Symphony No. 77 in B♭ major, Hoboken I/77, is a symphony by Joseph Haydn completed in 1782.

==Early set of symphonies for London==

In 1782, almost a decade before Haydn composed the first of his famous London symphonies, he composed a trio of symphonies - 76, 77 and 78 - for a trip to London which fell through. Haydn wrote the following to his Paris music publisher Boyer on 15 July 1783:

Last year I composed 3 beautiful, magnificent and by no means over-lengthy Symphonies, scored for 2 violins, viola, basso, 2 horns, 2 oboes, 1 flute and 1 bassoon - but they are all very easy, and without too much concertante - for the English gentlemen, and I intended to bring them over myself and produce them there: but a certain circumstance hindered that plan, and so I am willing to hand over these 3 Symphonies.

Boyer wanted exclusive rights, but Haydn refused.

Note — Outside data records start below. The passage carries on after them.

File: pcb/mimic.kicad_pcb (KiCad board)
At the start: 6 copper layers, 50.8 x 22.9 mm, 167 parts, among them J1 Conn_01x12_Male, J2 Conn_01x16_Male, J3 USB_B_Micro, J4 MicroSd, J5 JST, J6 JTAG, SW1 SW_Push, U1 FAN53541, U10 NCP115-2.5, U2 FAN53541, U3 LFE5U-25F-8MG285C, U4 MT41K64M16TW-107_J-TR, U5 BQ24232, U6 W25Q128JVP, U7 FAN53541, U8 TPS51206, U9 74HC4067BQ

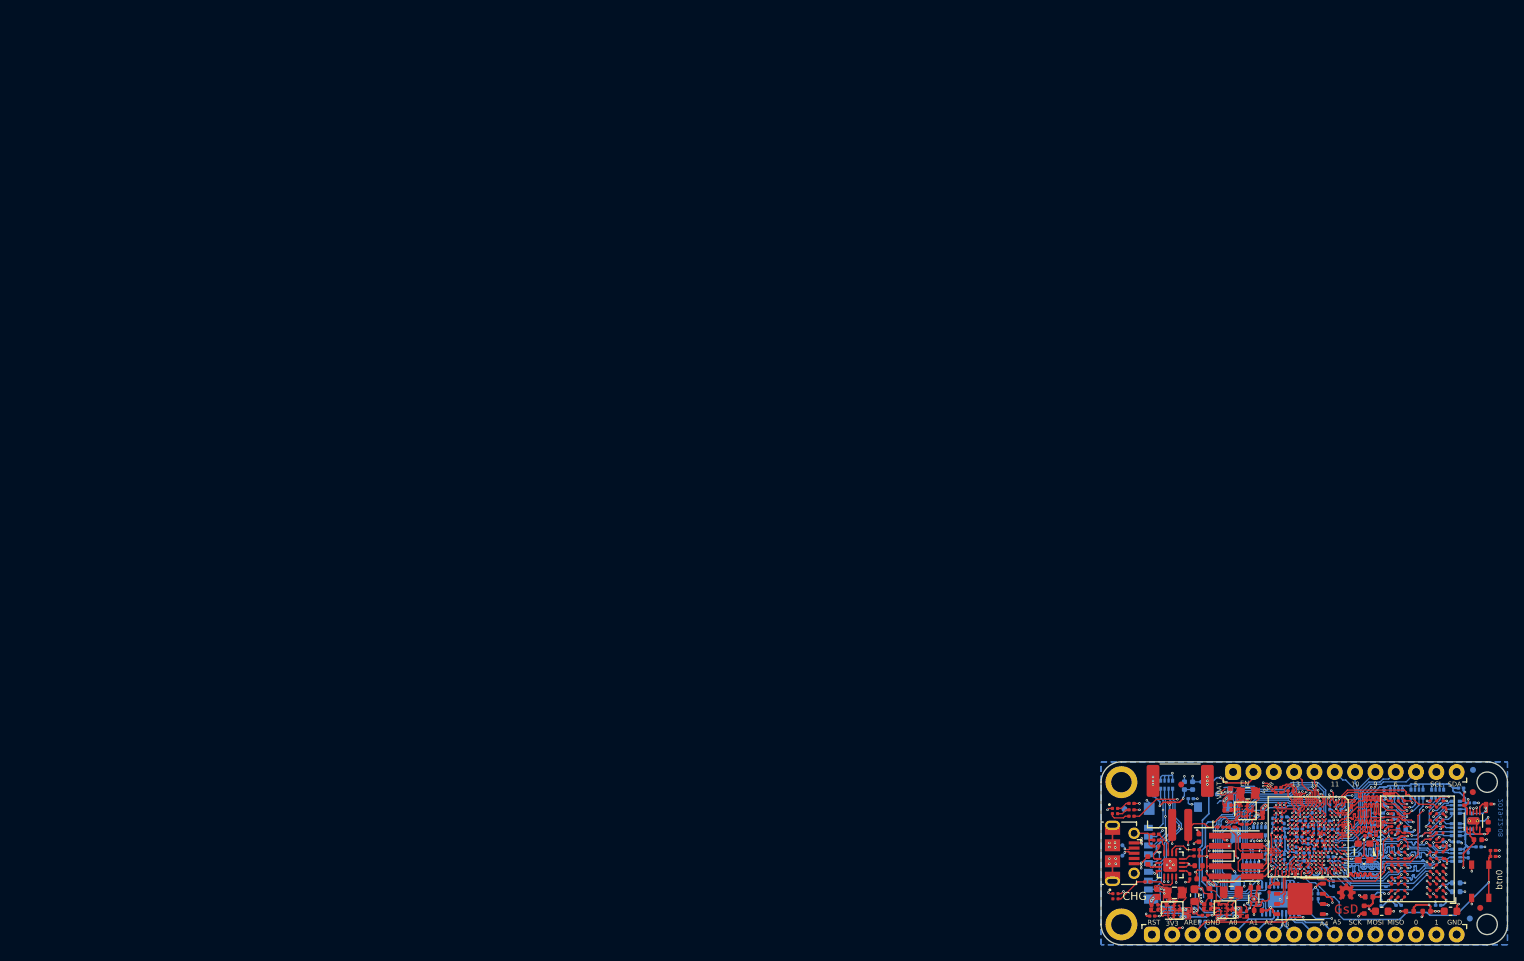
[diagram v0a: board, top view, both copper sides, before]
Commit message: refactor(pcb): strip down
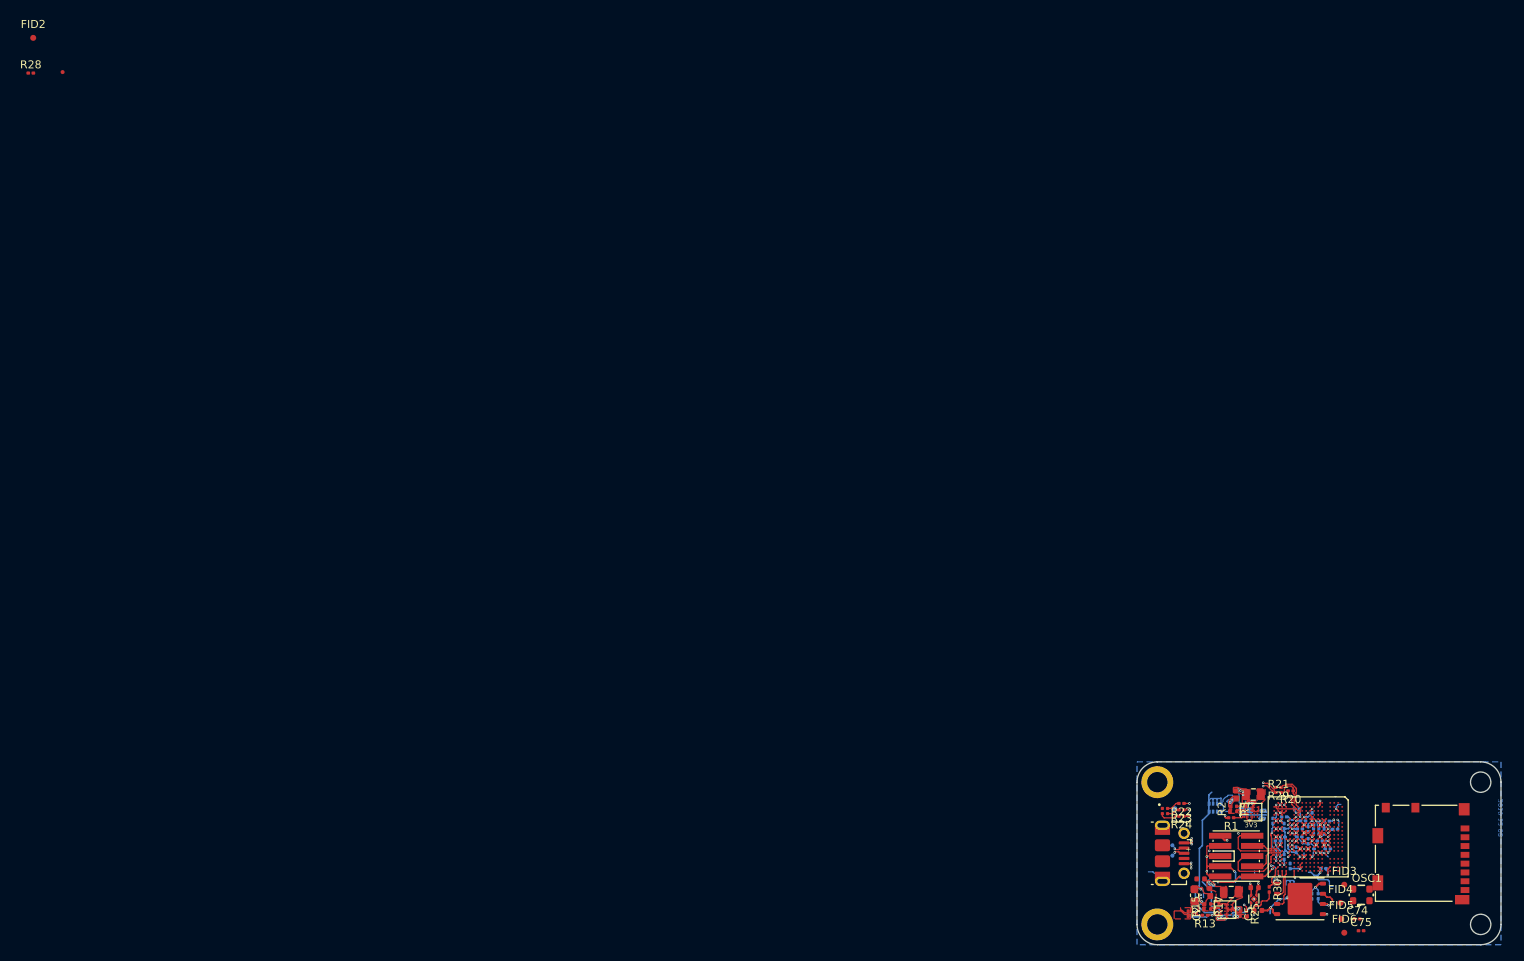
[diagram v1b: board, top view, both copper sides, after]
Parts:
- removed C1, C14, C19, C25, C27, C38, C40, C42, C44, C45, C76: 10nF, gkl_misc:C_0201_0603Metric
- removed C10: 0.22uF, gkl_misc:C_0201_0603Metric
- removed C11, C16, C18, C29, C8: 10uF, Capacitor_SMD:C_0402_1005Metric
- removed C12, C13, C77: 4.7uF, Capacitor_SMD:C_0402_1005Metric
- removed C20, C26, C28, C30, C31, C32, C33, C39, C4, C41, C43, C70, C71, C9: 100nF, gkl_misc:C_0201_0603Metric
- removed C21, C22, C34, C35, C36, C37: 1uF, Capacitor_SMD:C_0402_1005Metric
- removed C23, C24: 22uF, Capacitor_SMD:C_0603_1608Metric
- removed D2: LED_ARGB, gkl_led:0404LED_RGB
- removed FB1, FB2, FB3: 600R, Inductor_SMD:L_0402_1005Metric
- removed G***: LOGO, gkl_logos:oshw_small
- removed G***: LOGO, LOGO
- removed G***: LOGO, logo
- removed J1: Conn_01x12_Male, gkl_conn:Feather_PinHeader_1x12
- removed J2: Conn_01x16_Male, gkl_conn:Feather_PinHeader_1x16
- removed J5: JST, gkl_conn:JST_PH_B2B-PH-SM4-TB_1x02-1MP_P2.00mm_Vertical
- removed L3: 0.47uH, Inductor_SMD:L_0805_2012Metric
- removed R10: 56.2k, gkl_misc:R_0201_0603Metric
- removed R11: 3.06k, gkl_misc:R_0201_0603Metric
- removed R12: 4.32k, gkl_misc:R_0201_0603Metric
- removed R14, R18: 100k, gkl_misc:R_0201_0603Metric
- removed R16: 147k, gkl_misc:R_0201_0603Metric
- removed R19: 240R, Resistor_SMD:R_0402_1005Metric
- removed R26, R32, R33, R7: 10k, gkl_misc:R_0201_0603Metric
- removed R3, R6: 50R, gkl_misc:R_0201_0603Metric
- removed R4, R8: 4.7k, gkl_misc:R_0201_0603Metric
- removed R9: 3.57k, gkl_misc:R_0201_0603Metric
- removed RN1, RN10, RN2, RN3, RN4, RN5, RN6, RN8: 50R, Resistor_SMD:R_Array_Convex_4x0402
- removed RN9: 10K, Resistor_SMD:R_Array_Convex_4x0402
- removed SW1: SW_Push, gkl_misc:PTS_810_SMT_Switch
- removed TP19, TP20, TP28, TP31, TP33: SMD_TP, gkl_misc:TestPoint_Pad_D0.5mm
- removed U4: MT41K64M16TW-107_J-TR, Package_BGA:BGA-96_9.0x13.0mm_Layout2x3x16_P0.8mm
- removed U5: BQ24232, Package_DFN_QFN:QFN-16-1EP_3x3mm_P0.5mm_EP1.75x1.75mm
- removed U7: FAN53541, Package_CSP:WLCSP-20_1.934x2.434mm_Layout4x5_P0.4mm
- removed U8: TPS51206, gkl_housings_dfn:WSON-10-1EP_2x2mm_P0.4mm
- removed U9: 74HC4067BQ, Package_DFN_QFN:Texas_RGY_R-PVQFN-N24_EP2.05x3.1mm
- C2, C48, C49, C5, C50, C51, C52, C53, C54, C55, C56, C57, C58, C59, C60, C61, C62, C63, C64, C65, C66, C67, C68, C69, C74, C75: footprint gkl_misc:C_0201_0603Metric -> Capacitor_SMD:C_0201_0603Metric
- FID3, FID5, J4, TP29: moved to F.Cu
- R1, R13, R15, R17, R2, R20, R21, R22, R23, R24, R25, R27, R29, R30, R31, R5: footprint gkl_misc:R_0201_0603Metric -> Resistor_SMD:R_0201_0603Metric
- R28: footprint gkl_misc:R_0201_0603Metric -> Resistor_SMD:R_0201_0603Metric; moved to F.Cu
- U3: footprint bosonFrameGrabber:csBGA_132 -> gkl_housings_bga:csBGA285
- moved FID2 171.2 mm to (1.02, 1.02)
- moved R28 171.0 mm to (0.72, 5.42), turned to 0 degrees
- moved TP29 167.7 mm to (4.70, 5.30)
- moved J4 39.6 mm to (180.0, 103.0)
- moved FID6 23.8 mm to (164.9, 112.9)
- moved FID3 21.6 mm to (164.9, 106.9)
- moved FID4 17.5 mm to (164.4, 109.2)
- moved FID5 16.1 mm to (164.5, 111.2)
- moved C6 15.8 mm to (151.4, 95.6)
- moved C7 15.8 mm to (152.6, 97.5)
- moved L2 15.8 mm to (153.6, 95.6)
- moved R1 15.8 mm to (150.8, 98.5)
- moved R5 15.8 mm to (151.5, 97.4)
- moved R2 15.8 mm to (150.7, 97.4)
- moved U2 15.8 mm to (153.3, 97.8)
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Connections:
- C62 pad 1: P1.35V -> P3.3V
- C64 pad 1: P1.35V -> P3.3V
- C66 pad 1: P1.35V -> P3.3V
- C68 pad 1: P1.35V -> P3.3V
- J3 pad 4: Net-(J3-Pad4) -> unconnected-(J3-ID-Pad4)
- J4 pad 4: Net-(C29-Pad2) -> unconnected-(J4-Pin_4-Pad4)
- U3 pad A10: SPI_0 -> unconnected-(U3A-PT27B/PCLKC0_1-PadA10)
- U3 pad A11: SPI_2 -> unconnected-(U3A-PT27A/PCLKT0_1-PadA11)
- U3 pad A12: RAM_CS# -> unconnected-(U3F-PL5A-PadA12)
- U3 pad A13: RAM_D7 -> unconnected-(U3F-PL14B-PadA13)
- U3 pad A15: RAM_D4 -> unconnected-(U3F-PL14D-PadA15)
- U3 pad A16: RAM_UDQS- -> unconnected-(U3F-PL20B-PadA16)
- U3 pad A17: RAM_D6 -> unconnected-(U3F-PL23A/PCLKT7_1-PadA17)
- U3 pad A2: RAM_A14 -> unconnected-(U3C-PR20C/GR_PCLK2_0-PadA2)
- U3 pad A3: RAM_A3 -> unconnected-(U3C-PR20A/GR_PCLK2_1-PadA3)
- U3 pad A4: RAM_A4 -> unconnected-(U3C-PR11B-PadA4)
- U3 pad A6: RAM_BA2 -> unconnected-(U3C-PR11A-PadA6)
- U3 pad A7: RAM_A10 -> unconnected-(U3C-PR8B-PadA7)
- U3 pad A8: IO_11 -> unconnected-(U3B-PT35B/PCLKC1_0-PadA8)
- U3 pad B1: RAM_A8 -> unconnected-(U3C-PR23B/PCLKC2_1-PadB1)
- U3 pad B10: IO_5 -> unconnected-(U3A-PT29A/PCLKT0_0-PadB10)
- U3 pad B11: SPI_3 -> unconnected-(U3A-PT4A-PadB11)
- U3 pad B12: RAM_WE# -> unconnected-(U3F-PL2B-PadB12)
- U3 pad B13: RAM_D5 -> unconnected-(U3F-PL14A-PadB13)
- U3 pad B15: RAM_UDQS+ -> unconnected-(U3F-PL20A/GR_PCLK7_1-PadB15)
- U3 pad B17: RAM_D2 -> unconnected-(U3F-PL23B/PCLKC7_1-PadB17)
- U3 pad B18: P1.35V -> unconnected-(U3F-PL23C/PCLKT7_0-PadB18)
- U3 pad B2: RAM_A7 -> unconnected-(U3C-PR20B-PadB2)
- U3 pad B4: ECP5_VREF -> unconnected-(U3C-PR14C/VREF1_2-PadB4)
- U3 pad B6: RAM_A12 -> unconnected-(U3C-PR8A-PadB6)
- U3 pad B7: RAM_BA1 -> unconnected-(U3C-PR2B/S0_IN-PadB7)
- U3 pad B8: IO_10 -> unconnected-(U3B-PT67A-PadB8)
- U3 pad B9: IO_6 -> unconnected-(U3B-PT33A/PCLKT1_1-PadB9)
- U3 pad C1: RAM_A13 -> unconnected-(U3C-PR23C/PCLKT2_0-PadC1)
- U3 pad C10: IO_SDA -> unconnected-(U3A-PT29B/PCLKC0_0-PadC10)
- U3 pad C11: SPI_1 -> unconnected-(U3A-PT4B-PadC11)
- U3 pad C12: RAM_RAS# -> unconnected-(U3F-PL2A-PadC12)
- U3 pad C13: RAM_ODT -> unconnected-(U3F-PL8B-PadC13)
- U3 pad C15: ECP5_VREF -> unconnected-(U3F-PL14C/VREF1_7-PadC15)
- U3 pad C16: RAM_D3 -> unconnected-(U3F-PL20C/GR_PCLK7_0-PadC16)
- U3 pad C17: RAM_D0 -> unconnected-(U3F-PL23D/PCLKC7_0-PadC17)
- U3 pad C18: RAM_D13 -> unconnected-(U3E-PL26B/PCLKC6_1-PadC18)
- U3 pad C2: RAM_A11 -> unconnected-(U3C-PR17B-PadC2)
- U3 pad C3: RAM_A6 -> unconnected-(U3C-PR14D-PadC3)
- U3 pad C4: RAM_A0 -> unconnected-(U3C-PR14B-PadC4)
- U3 pad C6: P1.35V -> unconnected-(U3C-PR5B-PadC6)
- U3 pad C7: RAM_A15 -> unconnected-(U3C-PR2A-PadC7)
- U3 pad C8: IO_9 -> unconnected-(U3B-PT67B-PadC8)
- U3 pad C9: IO_SCL -> unconnected-(U3B-PT33B/PCLKC1_1-PadC9)
- U3 pad D1: RAM_A9 -> unconnected-(U3C-PR23D/PCLKC2_0-PadD1)
- U3 pad D13: RAM_CAS# -> unconnected-(U3F-PL8A-PadD13)
- U3 pad D15: RAM_D1 -> unconnected-(U3F-PL17A-PadD15)
- U3 pad D16: RAM_UDM -> unconnected-(U3F-PL17B-PadD16)
- U3 pad D17: P1.35V -> unconnected-(U3E-PL26A/PCLKT6_1-PadD17)
- U3 pad D18: RAM_CKE -> unconnected-(U3E-PL26C/PCLKT6_0-PadD18)
- U3 pad D2: RAM_A1 -> unconnected-(U3C-PR23A/PCLKT2_1-PadD2)
- U3 pad D3: RAM_A2 -> unconnected-(U3C-PR17A-PadD3)
- U3 pad D4: RAM_A5 -> unconnected-(U3C-PR14A-PadD4)
- U3 pad D6: RAM_BA0 -> unconnected-(U3C-PR5A-PadD6)
- U3 pad F1: ADC_CTRL1 -> unconnected-(U3D-PR35C-PadF1)
- U3 pad F15: RAM_D11 -> unconnected-(U3E-PL29C/GR_PCLK6_1-PadF15)
- U3 pad F16: RAM_D9 -> unconnected-(U3E-PL29B-PadF16)
- U3 pad F17: RAM_D8 -> unconnected-(U3E-PL29A/GR_PCLK6_0-PadF17)
- U3 pad F18: RAM_D15 -> unconnected-(U3E-PL26D/PCLKC6_0-PadF18)
- U3 pad F2: ADC_MUX2 -> unconnected-(U3D-PR32A-PadF2)
- U3 pad F3: ADC_MUX1 -> unconnected-(U3D-PR26D/PCLKC3_0-PadF3)
- U3 pad F4: ADC_MUX0 -> unconnected-(U3D-PR26C/PCLKT3_0-PadF4)
- U3 pad G1: ADC_CTRL0 -> unconnected-(U3D-PR32B-PadG1)
- U3 pad G14: P1.35V -> P3.3V
- U3 pad G15: RAM_D10 -> unconnected-(U3E-PL35A-PadG15)
- U3 pad G16: RAM_LDM -> unconnected-(U3E-PL29D-PadG16)
- U3 pad G18: RAM_LDQS+ -> unconnected-(U3E-PL32A-PadG18)
- U3 pad G3: ADC_SENSE_LO -> unconnected-(U3D-PR29B-PadG3)
- U3 pad G4: IO_A4 -> unconnected-(U3D-PR26B/PCLKC3_1-PadG4)
- U3 pad G5: P1.35V -> P3.3V
- U3 pad H1: ADC_MUX3 -> unconnected-(U3D-PR35D-PadH1)
- U3 pad H14: P1.35V -> P3.3V
- U3 pad H15: ECP5_VREF -> unconnected-(U3E-PL35B/VREF1_6-PadH15)
- U3 pad H16: RAM_D14 -> unconnected-(U3E-PL35C-PadH16)
- U3 pad H17: RAM_LDQS- -> unconnected-(U3E-PL32B-PadH17)
- U3 pad H18: Net-(U3-PadH18) -> unconnected-(U3E-PL38D-PadH18)
- U3 pad H2: IO_12 -> unconnected-(U3D-PR29D-PadH2)
- U3 pad H3: ADC_SENSE_HI -> unconnected-(U3D-PR29A/GR_PCLK3_0-PadH3)
- U3 pad H4: IO_A3 -> unconnected-(U3D-PR26A/PCLKT3_1-PadH4)
- U3 pad H5: P1.35V -> P3.3V
- U3 pad J16: RAM_D12 -> unconnected-(U3E-PL35D-PadJ16)
- U3 pad J17: USER_BUTTON -> unconnected-(U3E-PL38C-PadJ17)
- U3 pad J18: RAM_CK+ -> unconnected-(U3E-PL41A-PadJ18)
- U3 pad J2: IO_13 -> unconnected-(U3D-PR35A-PadJ2)
- U3 pad K15: P1.35V -> unconnected-(U3E-PL41D-PadK15)
- U3 pad K16: P1.35V -> unconnected-(U3E-PL41C-PadK16)
- U3 pad K17: P1.35V -> unconnected-(U3E-PL44A-PadK17)
- U3 pad K18: RAM_CK- -> unconnected-(U3E-PL41B-PadK18)
- U3 pad L18: RAM_RESET# -> unconnected-(U3E-PL44B-PadL18)
- U3 pad L4: IO_A0 -> unconnected-(U3D-PR38B-PadL4)
- U3 pad M14: P1.35V -> P3.3V
- U3 pad M16: EXT_PLL+ -> unconnected-(U3E-PL47C/LLC_GPLL0T_IN-PadM16)
- U3 pad M17: EXT_PLL- -> unconnected-(U3E-PL47D/LLC_GPLL0C_IN-PadM17)
- U3 pad M18: IO_1 -> unconnected-(U3G-PB6B/D4/MOSI2/IO4-PadM18)
- U3 pad N14: P1.35V -> P3.3V
- U3 pad N15: IO_MISO -> unconnected-(U3G-PB4A/D7/IO7-PadN15)
- U3 pad N16: IO_MOSI -> unconnected-(U3G-PB4B/D6/IO6-PadN16)
- U3 pad N17: IO_0 -> unconnected-(U3G-PB6A/D5/MISO2/IO5-PadN17)
- U3 pad N3: IO_A1 -> unconnected-(U3D-PR38D-PadN3)
- U3 pad N4: IO_A2 -> unconnected-(U3D-PR38C-PadN4)
- U3 pad R16: Net-(U3-PadR16) -> unconnected-(U3G-PB18A/WRITEN-PadR16)
- U3 pad R17: IO_SCK -> unconnected-(U3G-PB13A/SN/CSN-PadR17)
- U3 pad T17: IO_A5 -> unconnected-(U3G-PB13B/CS1N-PadT17)
- U3 pad U15: Net-(U3-PadU15) -> unconnected-(U3H-DONE-PadU15)
- U3 pad V11: Net-(U3-PadV11) -> unconnected-(U3H-RESERVED-PadV11)
- U3 pad V12: Net-(U3-PadV12) -> unconnected-(U3H-RESERVED-PadV12)
- U3 pad V16: Net-(U3-PadV16) -> unconnected-(U3H-INITN-PadV16)
- U3 pad V2: Net-(U3-PadV2) -> unconnected-(U3H-RESERVED-PadV2)
- U3 pad V3: Net-(U3-PadV3) -> unconnected-(U3H-RESERVED-PadV3)
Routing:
- net GND: track 236.6 -> 131.9 mm, vias 153 -> 76
- net P1.35V: track 97.8 -> 0.00 mm, vias 18 -> 0
- net ECP5_VREF: track 59.4 -> 0.00 mm, vias 9 -> 0
- net VTT: track 53.8 -> 0.00 mm, vias 1 -> 0
- net /sheetPower/PGOOD_P1.35V: track 44.4 -> 0.00 mm, vias 3 -> 0
- net ADC_MUX1: track 39.4 -> 0.00 mm, vias 1 -> 0
- net ADC_MUX0: track 38.2 -> 0.00 mm, vias 1 -> 0
- net USER_BUTTON: track 36.4 -> 0.00 mm, vias 2 -> 0
- net SD0_DAT0: track 33.8 -> 0.00 mm, vias 2 -> 0
- net SD0_DAT1: track 33.3 -> 0.00 mm, vias 2 -> 0
- net /sheetIO/A5: track 32.8 -> 0.00 mm, vias 1 -> 0
- net VSYS: track 48.7 -> 15.9 mm, vias 13 -> 7
- net ADC_CTRL1: track 32.0 -> 0.00 mm, vias 1 -> 0
- net ADC_MUX3: track 31.2 -> 0.00 mm, vias 1 -> 0
- net ADC_MUX2: track 29.8 -> 0.00 mm, vias 1 -> 0
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- removed copper zone on In3.Cu, net /sheetHyperRAM/RAM_VDD
- removed copper zone on In3.Cu, net /sheetHyperRAM/RAM_VDDQ
- removed copper zone on F.Cu, net ECP5_VREF
- removed copper zone on In3.Cu, net ECP5_VREF
- removed copper zone on F.Cu, net Net-(L3-Pad1)
- removed copper zone on F.Cu, net Net-(R16-Pad1)
- removed copper zone on B.Cu, net P1.35V
- removed copper zone on F.Cu, net P1.35V
- removed copper zone on In1.Cu, net P1.35V
- removed copper zone on In2.Cu, net P1.35V
- removed copper zone on In3.Cu, net P1.35V
- removed copper zone on In4.Cu, net P1.35V
- removed copper zone on In3.Cu, net VBATT
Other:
- board size 50.8 x 22.9 mm -> 45.5 x 22.9 mm
- board text removed: "0"
- board text removed: "1"
- board text removed: "10"
- board text removed: "11"
- board text removed: "12"
- board text removed: "13"
- board text removed: "5"
- board text removed: "6"
- board text removed: "9"
- board text removed: "A0"
- board text removed: "A1"
- board text removed: "A2"
- board text removed: "A3"
- board text removed: "A4"
- board text removed: "A5"
- board text removed: "AREF"
- board text removed: "CHG"
- board text removed: "EN"
- board text removed: "GND"
- board text removed: "MISO"
- board text removed: "MOSI"
- board text removed: "RST"
- board text removed: "SCK"
- board text removed: "SCL"
- board text removed: "SDA"
- board text removed: "VBAT"
- board text removed: "VUSB"
- board text removed: "btn0"
- board text removed: "r0.2"

It is not known how much Haydn knew of the tastes of English audiences, but the three symphonies do possess a polish and style typical of London composers such as Johann Christian Bach and Carl Friedrich Abel. As noted in the letter, the winds have very few measures where they do not support the strings, they are used primarily to add colour.

==Music==
The symphony is scored for flute, two oboes, two bassoons, two horns and strings.